Records from a data collection
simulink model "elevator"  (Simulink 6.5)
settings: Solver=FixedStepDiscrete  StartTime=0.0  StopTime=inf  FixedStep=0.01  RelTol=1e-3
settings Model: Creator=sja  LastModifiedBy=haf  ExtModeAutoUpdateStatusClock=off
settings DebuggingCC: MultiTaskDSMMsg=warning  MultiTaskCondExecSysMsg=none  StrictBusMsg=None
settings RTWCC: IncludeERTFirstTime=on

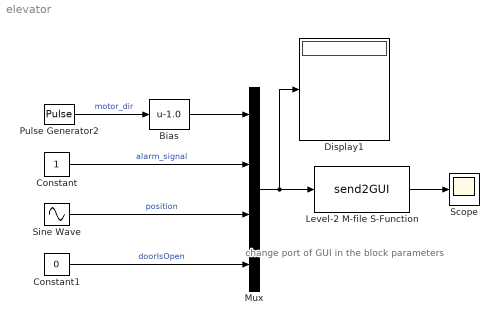
== system elevator ==
  note: change port of
      | GUI in the block
      | parameters
  Bias : Bias  Bias=-1.0
  Constant : Constant  Value=1  OutDataType=sfix(16)  ConRadixGroup=Use specified scaling  OutScaling=2^0  SampleTime=inf  FramePeriod=inf
  Constant1 : Constant  Value=0  OutDataType=sfix(16)  ConRadixGroup=Use specified scaling  OutScaling=2^0  SampleTime=inf  FramePeriod=inf
  Display1 : Display
  Level-2 M-file S-Function : M-S-Function  FunctionName=send2GUI  Parameters=port,dimensions,sampletime  mask{port=1234, dimensions=1, sampletime=-1}
      mask prompts: port "TCP Port for GUI server"; dimensions "Output Port Dimensions"
      mask help: Interface Block to pass data between the model and a graphical user interface accessed via TCP/IP.
      mask init:
      | port = 1234;
      | dimensions = 1;
      | sampletime = -1;
      mask Display:
      | fprintf('GUI INTERFACE\n\n')
      | fprintf(['Port: ' num2str(port)])
  Mux : Mux
  Pulse Generator2 : DiscretePulseGenerator  PulseType=Time based  Amplitude=2  Period=3  PulseWidth=50
  Scope : Scope
      settings: YMin=0.95  YMax=1.05
  Sine Wave : Sin  Amplitude=50  Bias=50  Phase=5  SampleTime=0
  wires:
  Pulse Generator2/1 -> Bias/1  "motor_dir"
  Constant/1 -> Mux/2  "alarm_signal"
  Sine Wave/1 -> Mux/3  "position"
  Constant1/1 -> Mux/4  "doorIsOpen"
  Mux/1 -> Level-2 M-file S-Function/1, Display1/1
  Level-2 M-file S-Function/1 -> Scope/1
  Bias/1 -> Mux/1

__Task goal__.
Only the lines from the top of the data through the line that contains "settings Model: Creator=sja" should be quoted, exactly as they stand.

__Solution below__.
simulink model "elevator"  (Simulink 6.5)
settings: Solver=FixedStepDiscrete  StartTime=0.0  StopTime=inf  FixedStep=0.01  RelTol=1e-3
settings Model: Creator=sja  LastModifiedBy=haf  ExtModeAutoUpdateStatusClock=off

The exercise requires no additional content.